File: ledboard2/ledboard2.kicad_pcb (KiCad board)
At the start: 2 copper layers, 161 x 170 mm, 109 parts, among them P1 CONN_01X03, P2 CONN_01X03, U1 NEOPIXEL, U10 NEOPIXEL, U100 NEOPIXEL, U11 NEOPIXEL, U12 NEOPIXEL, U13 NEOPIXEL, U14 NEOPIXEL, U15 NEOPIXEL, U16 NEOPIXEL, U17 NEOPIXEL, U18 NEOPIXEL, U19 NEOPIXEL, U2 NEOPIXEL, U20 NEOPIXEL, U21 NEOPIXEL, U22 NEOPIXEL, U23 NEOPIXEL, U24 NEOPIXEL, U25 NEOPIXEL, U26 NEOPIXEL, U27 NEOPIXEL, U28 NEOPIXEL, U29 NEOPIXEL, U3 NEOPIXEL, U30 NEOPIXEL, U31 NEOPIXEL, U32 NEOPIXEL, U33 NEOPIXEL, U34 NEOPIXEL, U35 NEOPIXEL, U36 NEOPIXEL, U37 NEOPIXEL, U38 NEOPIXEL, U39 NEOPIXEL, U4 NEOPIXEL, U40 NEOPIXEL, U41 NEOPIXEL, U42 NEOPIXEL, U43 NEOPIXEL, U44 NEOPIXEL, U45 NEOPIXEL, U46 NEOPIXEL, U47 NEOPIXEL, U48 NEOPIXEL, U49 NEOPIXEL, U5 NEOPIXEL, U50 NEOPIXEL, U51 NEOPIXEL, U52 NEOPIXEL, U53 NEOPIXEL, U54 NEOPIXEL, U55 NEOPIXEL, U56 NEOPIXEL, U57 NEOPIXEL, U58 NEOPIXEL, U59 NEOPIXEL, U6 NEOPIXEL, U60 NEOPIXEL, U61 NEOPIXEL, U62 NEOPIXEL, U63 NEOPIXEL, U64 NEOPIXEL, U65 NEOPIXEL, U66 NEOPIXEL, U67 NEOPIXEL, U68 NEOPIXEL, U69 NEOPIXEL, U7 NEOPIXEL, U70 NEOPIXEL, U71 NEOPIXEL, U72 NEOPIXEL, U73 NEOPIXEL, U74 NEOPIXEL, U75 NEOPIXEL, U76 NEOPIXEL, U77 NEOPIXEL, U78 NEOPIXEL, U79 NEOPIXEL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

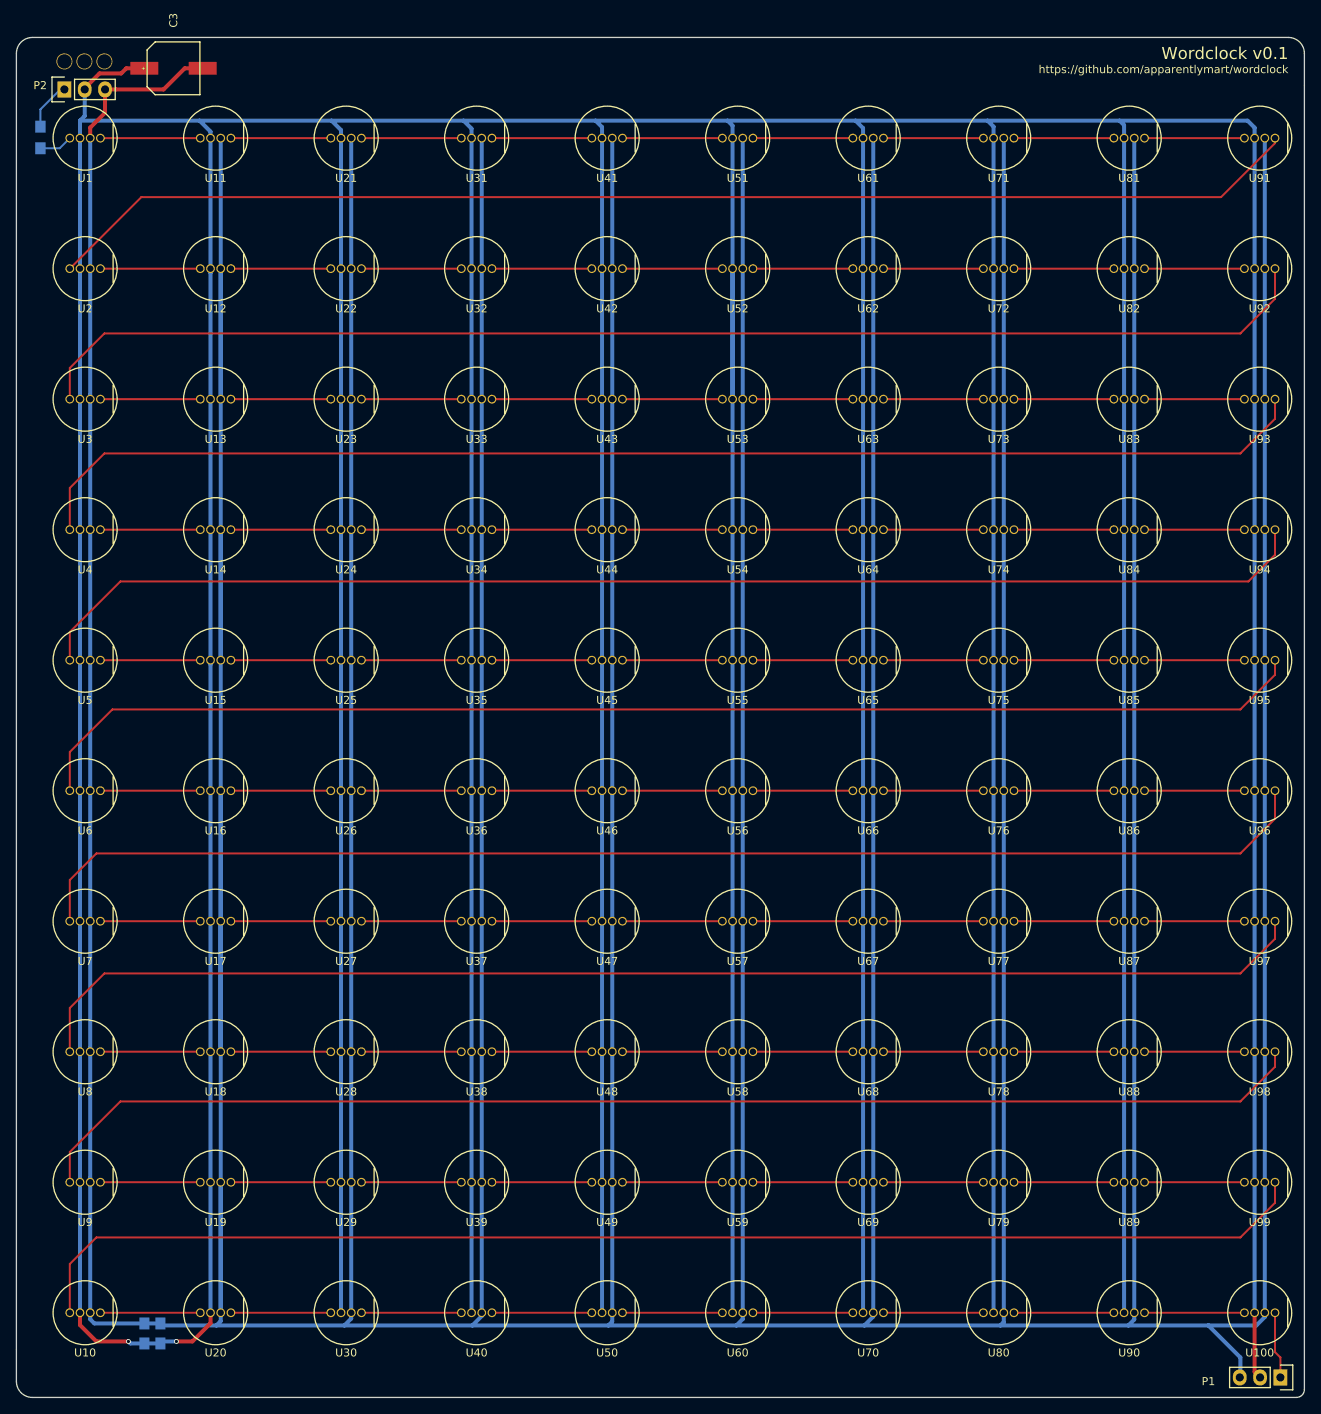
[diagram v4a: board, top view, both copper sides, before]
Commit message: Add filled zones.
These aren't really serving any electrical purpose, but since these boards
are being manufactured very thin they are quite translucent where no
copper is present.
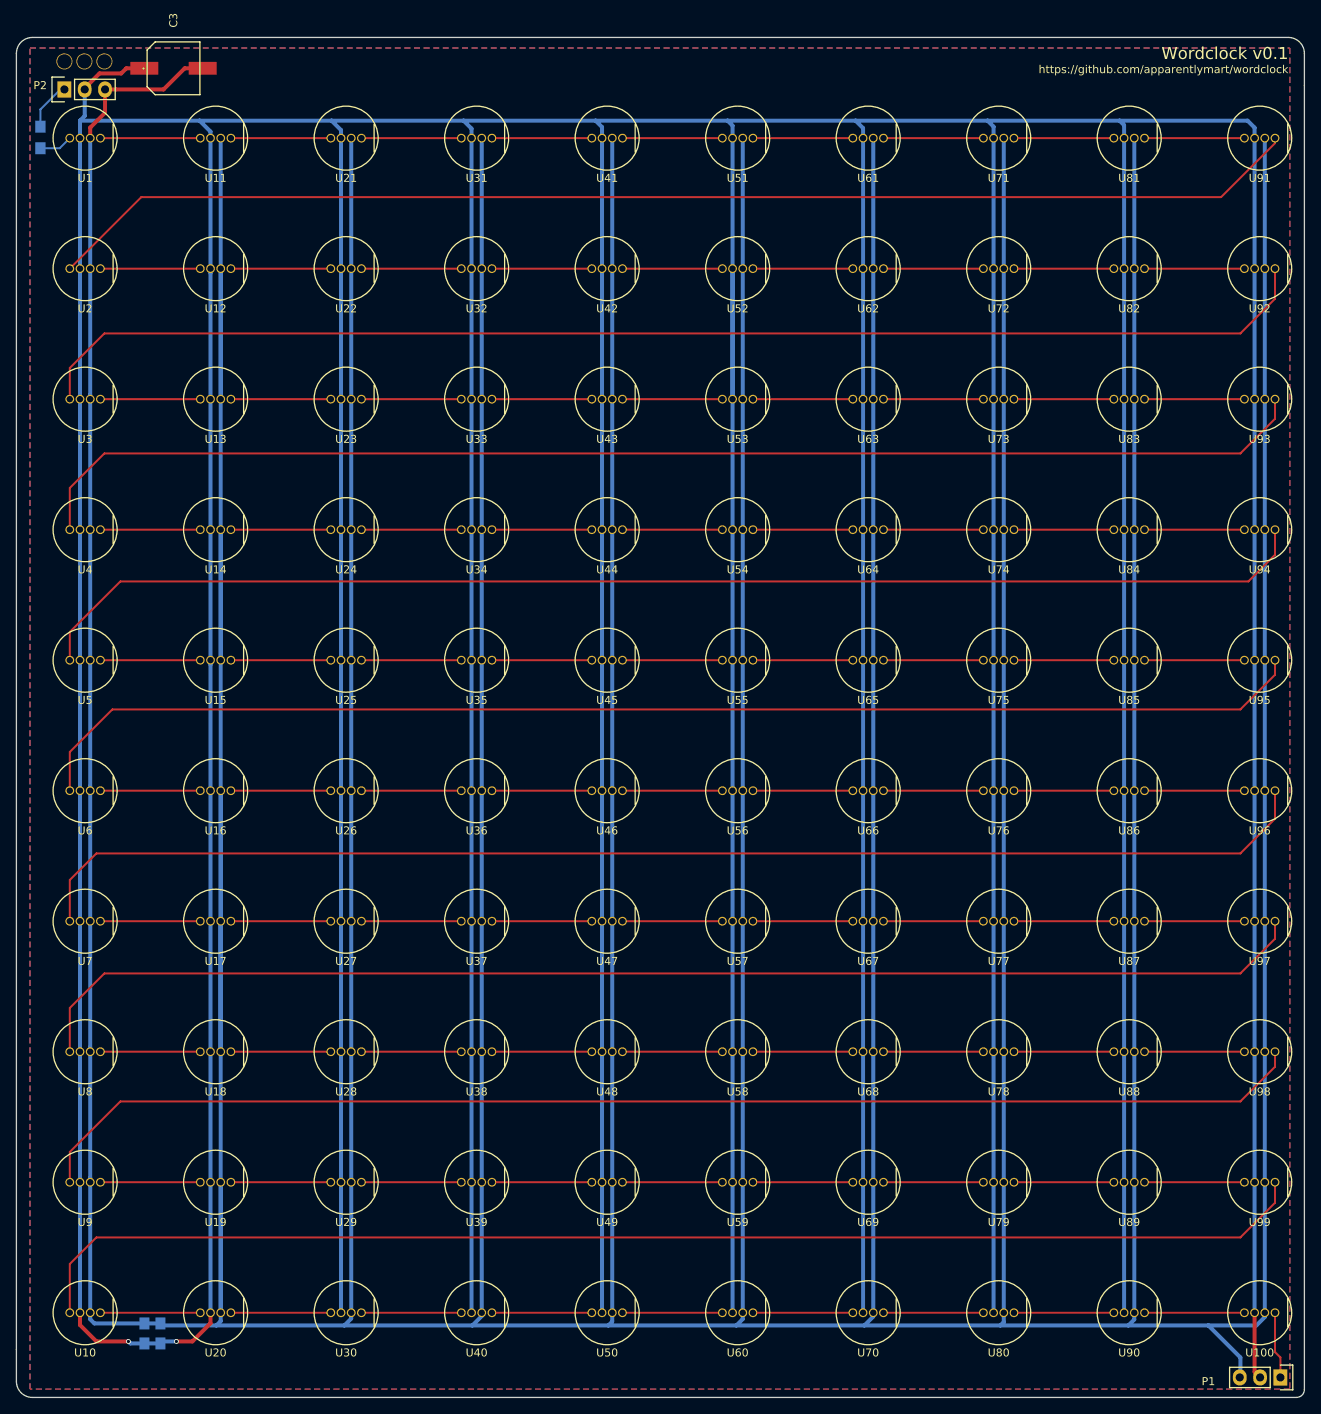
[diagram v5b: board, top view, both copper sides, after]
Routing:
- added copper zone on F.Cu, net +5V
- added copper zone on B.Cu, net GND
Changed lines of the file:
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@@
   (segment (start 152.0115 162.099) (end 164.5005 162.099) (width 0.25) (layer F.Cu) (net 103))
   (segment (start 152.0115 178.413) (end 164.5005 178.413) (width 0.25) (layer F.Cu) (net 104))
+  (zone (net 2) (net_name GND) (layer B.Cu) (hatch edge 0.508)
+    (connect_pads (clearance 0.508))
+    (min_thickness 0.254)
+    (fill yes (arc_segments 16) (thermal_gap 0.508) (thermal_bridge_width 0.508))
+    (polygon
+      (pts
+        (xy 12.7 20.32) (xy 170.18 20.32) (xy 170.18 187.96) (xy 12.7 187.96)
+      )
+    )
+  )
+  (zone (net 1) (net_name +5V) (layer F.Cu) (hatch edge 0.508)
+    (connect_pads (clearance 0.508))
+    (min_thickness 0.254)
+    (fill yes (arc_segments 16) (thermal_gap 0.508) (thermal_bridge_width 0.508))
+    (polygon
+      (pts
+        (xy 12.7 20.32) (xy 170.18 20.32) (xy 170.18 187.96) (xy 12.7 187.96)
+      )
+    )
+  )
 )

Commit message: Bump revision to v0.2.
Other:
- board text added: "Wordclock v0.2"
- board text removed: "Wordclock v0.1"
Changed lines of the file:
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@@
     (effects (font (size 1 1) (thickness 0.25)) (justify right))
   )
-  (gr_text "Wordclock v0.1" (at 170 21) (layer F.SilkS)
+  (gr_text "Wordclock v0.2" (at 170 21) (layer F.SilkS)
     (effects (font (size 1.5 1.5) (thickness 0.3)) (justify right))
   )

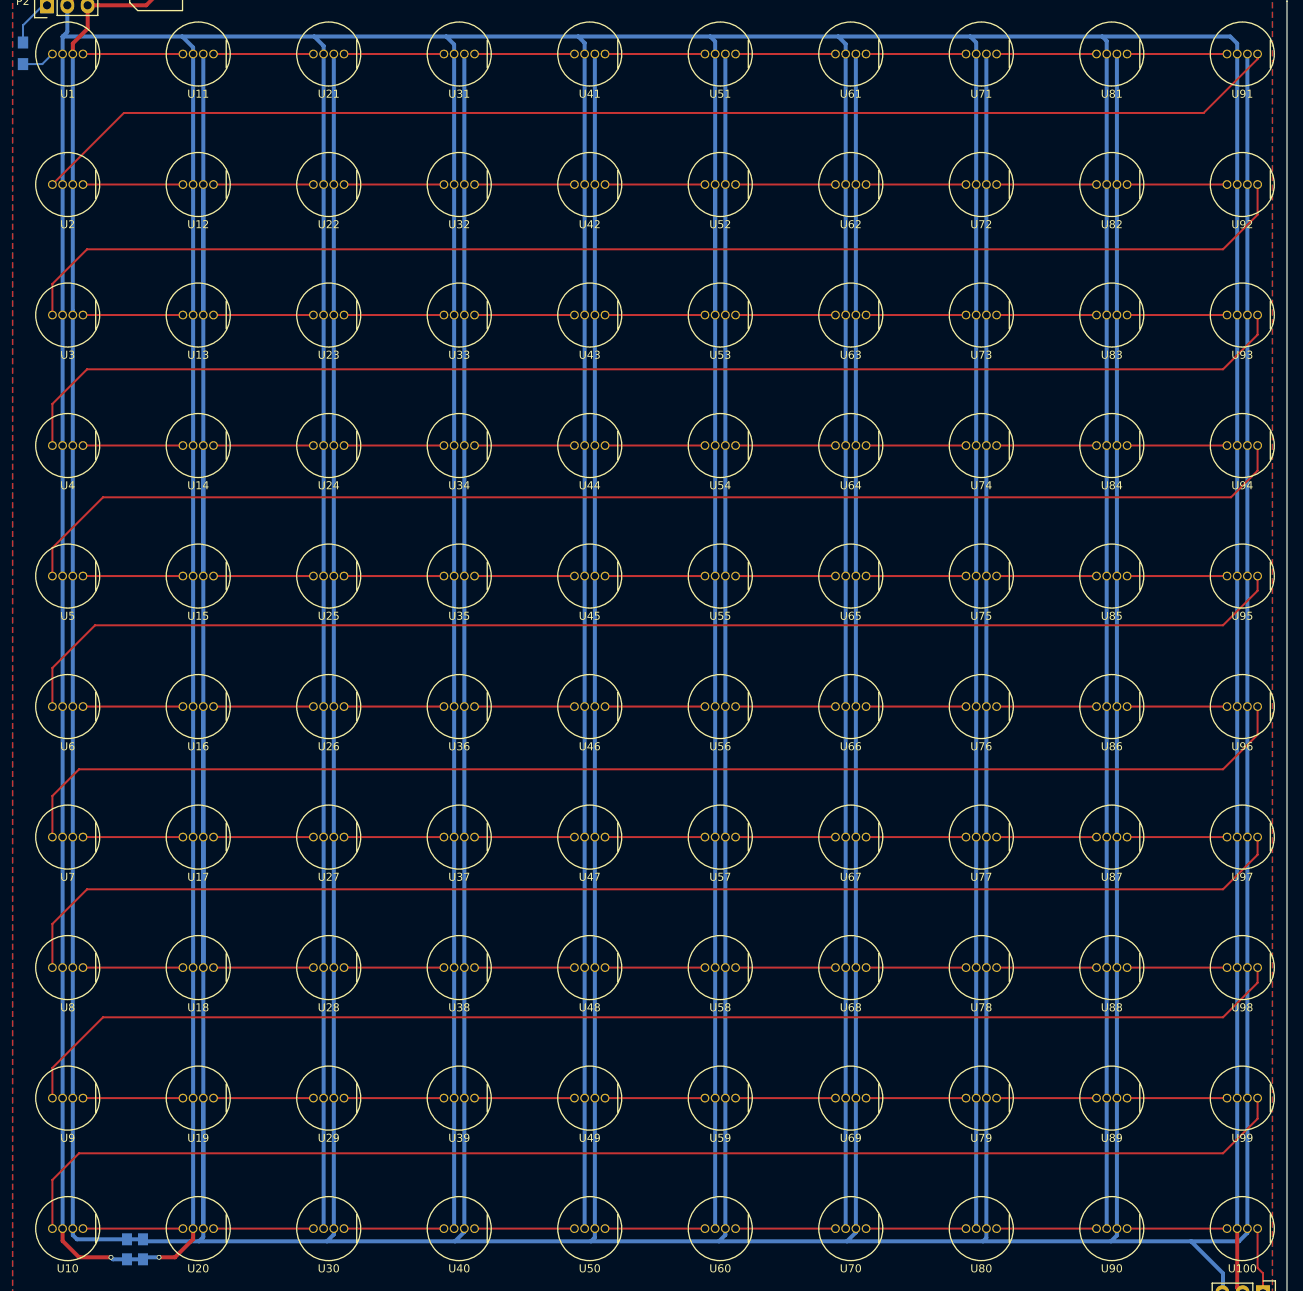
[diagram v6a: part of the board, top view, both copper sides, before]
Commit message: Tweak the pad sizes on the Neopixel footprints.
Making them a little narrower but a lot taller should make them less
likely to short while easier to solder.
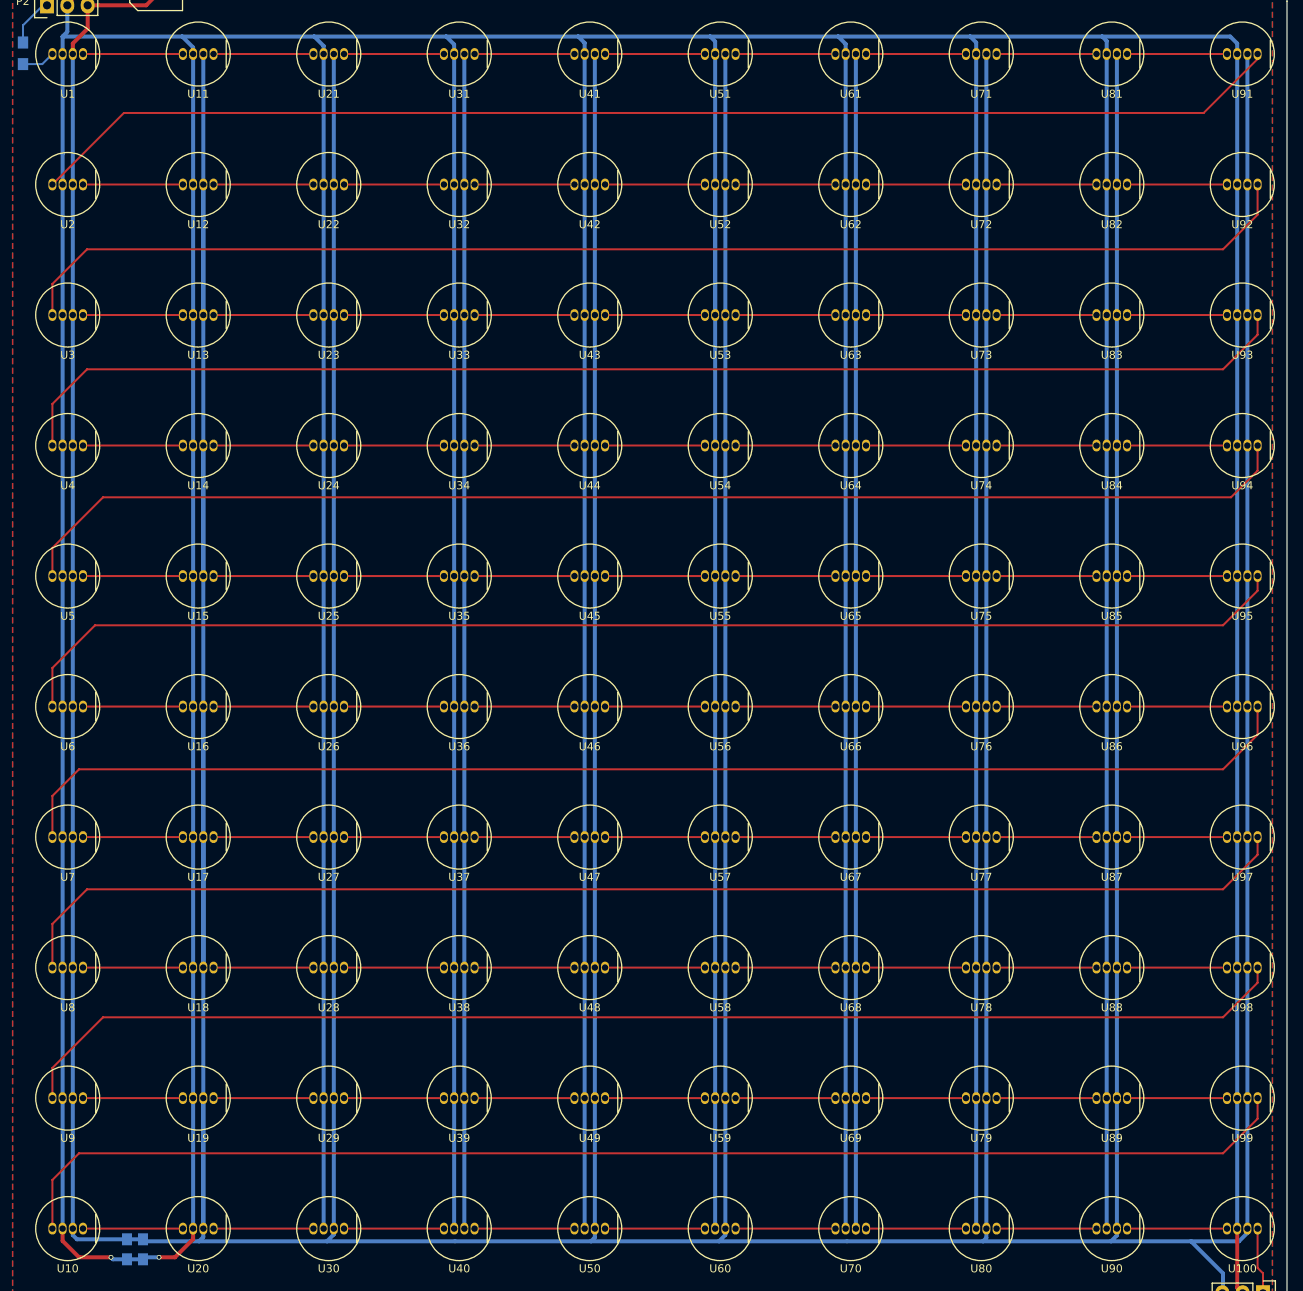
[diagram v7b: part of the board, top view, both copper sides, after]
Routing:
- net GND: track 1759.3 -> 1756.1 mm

------------------------------------------------------------

What is needed is an exact output of the records above, with every picture left out.

File: ledboard2/ledboard2.kicad_pcb (KiCad board)
At the start: 2 copper layers, 161 x 170 mm, 109 parts, among them P1 CONN_01X03, P2 CONN_01X03, U1 NEOPIXEL, U10 NEOPIXEL, U100 NEOPIXEL, U11 NEOPIXEL, U12 NEOPIXEL, U13 NEOPIXEL, U14 NEOPIXEL, U15 NEOPIXEL, U16 NEOPIXEL, U17 NEOPIXEL, U18 NEOPIXEL, U19 NEOPIXEL, U2 NEOPIXEL, U20 NEOPIXEL, U21 NEOPIXEL, U22 NEOPIXEL, U23 NEOPIXEL, U24 NEOPIXEL, U25 NEOPIXEL, U26 NEOPIXEL, U27 NEOPIXEL, U28 NEOPIXEL, U29 NEOPIXEL, U3 NEOPIXEL, U30 NEOPIXEL, U31 NEOPIXEL, U32 NEOPIXEL, U33 NEOPIXEL, U34 NEOPIXEL, U35 NEOPIXEL, U36 NEOPIXEL, U37 NEOPIXEL, U38 NEOPIXEL, U39 NEOPIXEL, U4 NEOPIXEL, U40 NEOPIXEL, U41 NEOPIXEL, U42 NEOPIXEL, U43 NEOPIXEL, U44 NEOPIXEL, U45 NEOPIXEL, U46 NEOPIXEL, U47 NEOPIXEL, U48 NEOPIXEL, U49 NEOPIXEL, U5 NEOPIXEL, U50 NEOPIXEL, U51 NEOPIXEL, U52 NEOPIXEL, U53 NEOPIXEL, U54 NEOPIXEL, U55 NEOPIXEL, U56 NEOPIXEL, U57 NEOPIXEL, U58 NEOPIXEL, U59 NEOPIXEL, U6 NEOPIXEL, U60 NEOPIXEL, U61 NEOPIXEL, U62 NEOPIXEL, U63 NEOPIXEL, U64 NEOPIXEL, U65 NEOPIXEL, U66 NEOPIXEL, U67 NEOPIXEL, U68 NEOPIXEL, U69 NEOPIXEL, U7 NEOPIXEL, U70 NEOPIXEL, U71 NEOPIXEL, U72 NEOPIXEL, U73 NEOPIXEL, U74 NEOPIXEL, U75 NEOPIXEL, U76 NEOPIXEL, U77 NEOPIXEL, U78 NEOPIXEL, U79 NEOPIXEL

[diagram v4a: board, top view, both copper sides, before]
Commit message: Add filled zones.
These aren't really serving any electrical purpose, but since these boards
are being manufactured very thin they are quite translucent where no
copper is present.
[diagram v5b: board, top view, both copper sides, after]
Routing:
- added copper zone on F.Cu, net +5V
- added copper zone on B.Cu, net GND
Changed lines of the file:
@@
   (segment (start 152.0115 162.099) (end 164.5005 162.099) (width 0.25) (layer F.Cu) (net 103))
   (segment (start 152.0115 178.413) (end 164.5005 178.413) (width 0.25) (layer F.Cu) (net 104))
+  (zone (net 2) (net_name GND) (layer B.Cu) (hatch edge 0.508)
+    (connect_pads (clearance 0.508))
+    (min_thickness 0.254)
+    (fill yes (arc_segments 16) (thermal_gap 0.508) (thermal_bridge_width 0.508))
+    (polygon
+      (pts
+        (xy 12.7 20.32) (xy 170.18 20.32) (xy 170.18 187.96) (xy 12.7 187.96)
+      )
+    )
+  )
+  (zone (net 1) (net_name +5V) (layer F.Cu) (hatch edge 0.508)
+    (connect_pads (clearance 0.508))
+    (min_thickness 0.254)
+    (fill yes (arc_segments 16) (thermal_gap 0.508) (thermal_bridge_width 0.508))
+    (polygon
+      (pts
+        (xy 12.7 20.32) (xy 170.18 20.32) (xy 170.18 187.96) (xy 12.7 187.96)
+      )
+    )
+  )
 )

Commit message: Bump revision to v0.2.
Other:
- board text added: "Wordclock v0.2"
- board text removed: "Wordclock v0.1"
Changed lines of the file:
@@
     (effects (font (size 1 1) (thickness 0.25)) (justify right))
   )
-  (gr_text "Wordclock v0.1" (at 170 21) (layer F.SilkS)
+  (gr_text "Wordclock v0.2" (at 170 21) (layer F.SilkS)
     (effects (font (size 1.5 1.5) (thickness 0.3)) (justify right))
   )

[diagram v6a: part of the board, top view, both copper sides, before]
Commit message: Tweak the pad sizes on the Neopixel footprints.
Making them a little narrower but a lot taller should make them less
likely to short while easier to solder.
[diagram v7b: part of the board, top view, both copper sides, after]
Routing:
- net GND: track 1759.3 -> 1756.1 mm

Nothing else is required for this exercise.